* Task to carry out *
Check every line of the entries below for the word "mechanical", and copy the ones that have it.

------------

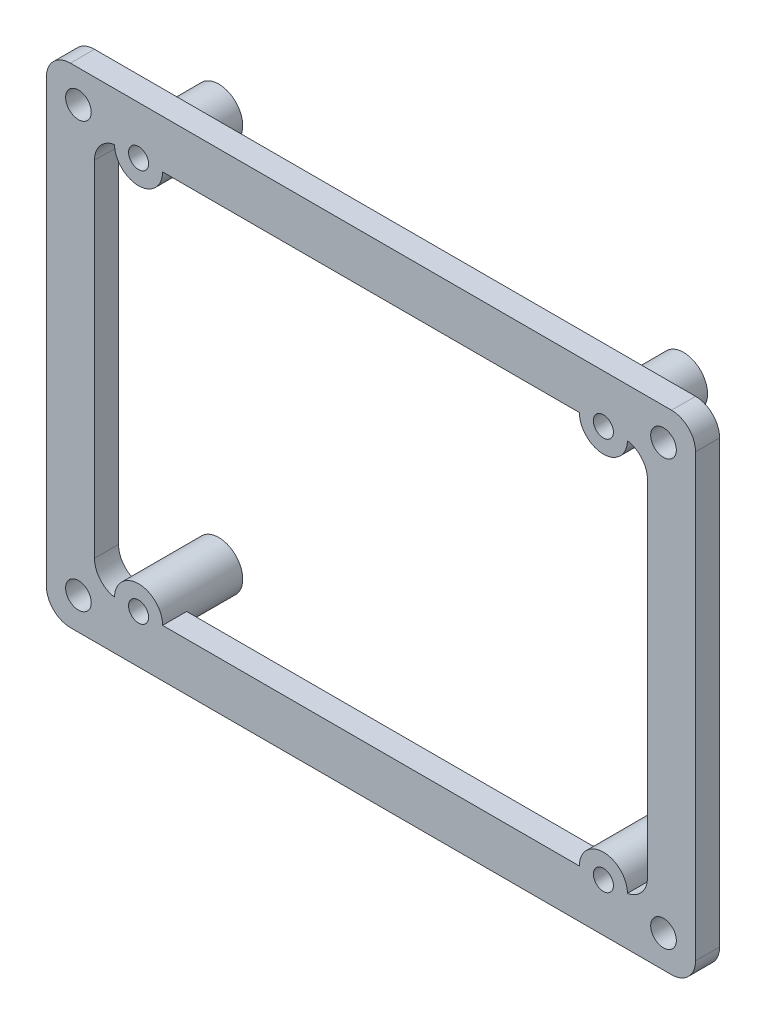
ISO-10303-21;
HEADER;
FILE_DESCRIPTION(('STEP AP214'),'2;1');
FILE_NAME('part.step','',(''),(''),'','','');
FILE_SCHEMA(('AUTOMOTIVE_DESIGN { 1 0 10303 214 1 1 1 1 }'));
ENDSEC;
DATA;
#1=APPLICATION_CONTEXT('core data for automotive mechanical design processes');
#2=APPLICATION_PROTOCOL_DEFINITION('international standard','automotive_design',2000,#1);
#3=PRODUCT_CONTEXT('',#1,'mechanical');
#4=PRODUCT('Part','Part','',(#3));
#5=PRODUCT_RELATED_PRODUCT_CATEGORY('part','',(#4));
#6=PRODUCT_DEFINITION_FORMATION('','',#4);
#7=PRODUCT_DEFINITION_CONTEXT('part definition',#1,'design');
#8=PRODUCT_DEFINITION('design','',#6,#7);
#9=PRODUCT_DEFINITION_SHAPE('','',#8);
#10=(LENGTH_UNIT() NAMED_UNIT(*) SI_UNIT(.MILLI.,.METRE.));
#11=(NAMED_UNIT(*) PLANE_ANGLE_UNIT() SI_UNIT($,.RADIAN.));
#12=(NAMED_UNIT(*) SI_UNIT($,.STERADIAN.) SOLID_ANGLE_UNIT());
#13=UNCERTAINTY_MEASURE_WITH_UNIT(LENGTH_MEASURE(1.E-05),#10,'distance_accuracy_value','');
#14=(GEOMETRIC_REPRESENTATION_CONTEXT(3) GLOBAL_UNCERTAINTY_ASSIGNED_CONTEXT((#13)) GLOBAL_UNIT_ASSIGNED_CONTEXT((#10,
#11,#12)) REPRESENTATION_CONTEXT('',''));
#15=CARTESIAN_POINT('',(0.,0.,0.));
#16=DIRECTION('',(0.,0.,1.));
#17=DIRECTION('',(1.,0.,0.));
#18=AXIS2_PLACEMENT_3D('',#15,#16,#17);
#19=CARTESIAN_POINT('',(0.,0.,3.));
#20=DIRECTION('',(0.,0.,1.));
#21=DIRECTION('',(1.,0.,0.));
#22=AXIS2_PLACEMENT_3D('',#19,#20,#21);
#23=PLANE('',#22);
#24=CARTESIAN_POINT('',(-29.,24.5,3.));
#25=DIRECTION('',(0.,0.,1.));
#26=DIRECTION('',(1.,0.,0.));
#27=AXIS2_PLACEMENT_3D('',#24,#25,#26);
#28=CIRCLE('',#27,1.25);
#29=CARTESIAN_POINT('',(-27.75,24.5,3.));
#30=VERTEX_POINT('',#29);
#31=EDGE_CURVE('E665',#30,#30,#28,.F.);
#32=ORIENTED_EDGE('',*,*,#31,.T.);
#33=EDGE_LOOP('',(#32));
#34=FACE_BOUND('',#33,.T.);
#35=CARTESIAN_POINT('',(29.,-24.5,3.));
#36=DIRECTION('',(0.,0.,1.));
#37=DIRECTION('',(1.,0.,0.));
#38=AXIS2_PLACEMENT_3D('',#35,#36,#37);
#39=CIRCLE('',#38,1.25);
#40=CARTESIAN_POINT('',(30.25,-24.5,3.));
#41=VERTEX_POINT('',#40);
#42=EDGE_CURVE('E666',#41,#41,#39,.F.);
#43=ORIENTED_EDGE('',*,*,#42,.T.);
#44=EDGE_LOOP('',(#43));
#45=FACE_BOUND('',#44,.T.);
#46=CARTESIAN_POINT('',(-29.,-24.5,3.));
#47=DIRECTION('',(0.,0.,1.));
#48=DIRECTION('',(1.,0.,0.));
#49=AXIS2_PLACEMENT_3D('',#46,#47,#48);
#50=CIRCLE('',#49,1.25);
#51=CARTESIAN_POINT('',(-27.75,-24.5,3.));
#52=VERTEX_POINT('',#51);
#53=EDGE_CURVE('E673',#52,#52,#50,.F.);
#54=ORIENTED_EDGE('',*,*,#53,.T.);
#55=EDGE_LOOP('',(#54));
#56=FACE_BOUND('',#55,.T.);
#57=CARTESIAN_POINT('',(29.,24.5,3.));
#58=DIRECTION('',(0.,0.,1.));
#59=DIRECTION('',(1.,0.,0.));
#60=AXIS2_PLACEMENT_3D('',#57,#58,#59);
#61=CIRCLE('',#60,1.25);
#62=CARTESIAN_POINT('',(30.25,24.5,3.));
#63=VERTEX_POINT('',#62);
#64=EDGE_CURVE('E197',#63,#63,#61,.F.);
#65=ORIENTED_EDGE('',*,*,#64,.T.);
#66=EDGE_LOOP('',(#65));
#67=FACE_BOUND('',#66,.T.);
#68=DIRECTION('',(1.,0.,0.));
#69=VECTOR('',#68,1.);
#70=CARTESIAN_POINT('',(0.,-24.5,3.));
#71=LINE('',#70,#69);
#72=CARTESIAN_POINT('',(-26.,-24.5,3.));
#73=VERTEX_POINT('',#72);
#74=CARTESIAN_POINT('',(26.,-24.5,3.));
#75=VERTEX_POINT('',#74);
#76=EDGE_CURVE('E203',#73,#75,#71,.T.);
#77=ORIENTED_EDGE('',*,*,#76,.F.);
#78=CARTESIAN_POINT('',(-29.,-24.5,3.));
#79=DIRECTION('',(0.,0.,1.));
#80=DIRECTION('',(1.,0.,0.));
#81=AXIS2_PLACEMENT_3D('',#78,#79,#80);
#82=CIRCLE('',#81,3.);
#83=CARTESIAN_POINT('',(-31.9997072354643,-24.4580893628869,3.));
#84=VERTEX_POINT('',#83);
#85=EDGE_CURVE('E72',#73,#84,#82,.T.);
#86=ORIENTED_EDGE('',*,*,#85,.T.);
#87=CARTESIAN_POINT('',(-31.5,-21.5,3.));
#88=DIRECTION('',(0.,0.,1.));
#89=DIRECTION('',(1.,0.,0.));
#90=AXIS2_PLACEMENT_3D('',#87,#88,#89);
#91=CIRCLE('',#90,3.);
#92=CARTESIAN_POINT('',(-34.5,-21.5,3.));
#93=VERTEX_POINT('',#92);
#94=EDGE_CURVE('E317',#84,#93,#91,.F.);
#95=ORIENTED_EDGE('',*,*,#94,.T.);
#96=DIRECTION('',(0.,-1.,0.));
#97=VECTOR('',#96,1.);
#98=CARTESIAN_POINT('',(-34.5,0.,3.));
#99=LINE('',#98,#97);
#100=CARTESIAN_POINT('',(-34.5,21.5,3.));
#101=VERTEX_POINT('',#100);
#102=EDGE_CURVE('E213',#101,#93,#99,.T.);
#103=ORIENTED_EDGE('',*,*,#102,.F.);
#104=CARTESIAN_POINT('',(-31.5,21.5,3.));
#105=DIRECTION('',(0.,0.,1.));
#106=DIRECTION('',(1.,0.,0.));
#107=AXIS2_PLACEMENT_3D('',#104,#105,#106);
#108=CIRCLE('',#107,3.);
#109=CARTESIAN_POINT('',(-31.9997072354643,24.4580893628869,3.));
#110=VERTEX_POINT('',#109);
#111=EDGE_CURVE('E321',#101,#110,#108,.F.);
#112=ORIENTED_EDGE('',*,*,#111,.T.);
#113=CARTESIAN_POINT('',(-29.,24.5,3.));
#114=DIRECTION('',(0.,0.,1.));
#115=DIRECTION('',(1.,0.,0.));
#116=AXIS2_PLACEMENT_3D('',#113,#114,#115);
#117=CIRCLE('',#116,3.);
#118=CARTESIAN_POINT('',(-26.,24.5,3.));
#119=VERTEX_POINT('',#118);
#120=EDGE_CURVE('E355',#110,#119,#117,.T.);
#121=ORIENTED_EDGE('',*,*,#120,.T.);
#122=DIRECTION('',(-1.,0.,0.));
#123=VECTOR('',#122,1.);
#124=CARTESIAN_POINT('',(0.,24.5,3.));
#125=LINE('',#124,#123);
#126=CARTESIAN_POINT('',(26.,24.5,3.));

------------

* Solution to this task *
#1=APPLICATION_CONTEXT('core data for automotive mechanical design processes');
#3=PRODUCT_CONTEXT('',#1,'mechanical');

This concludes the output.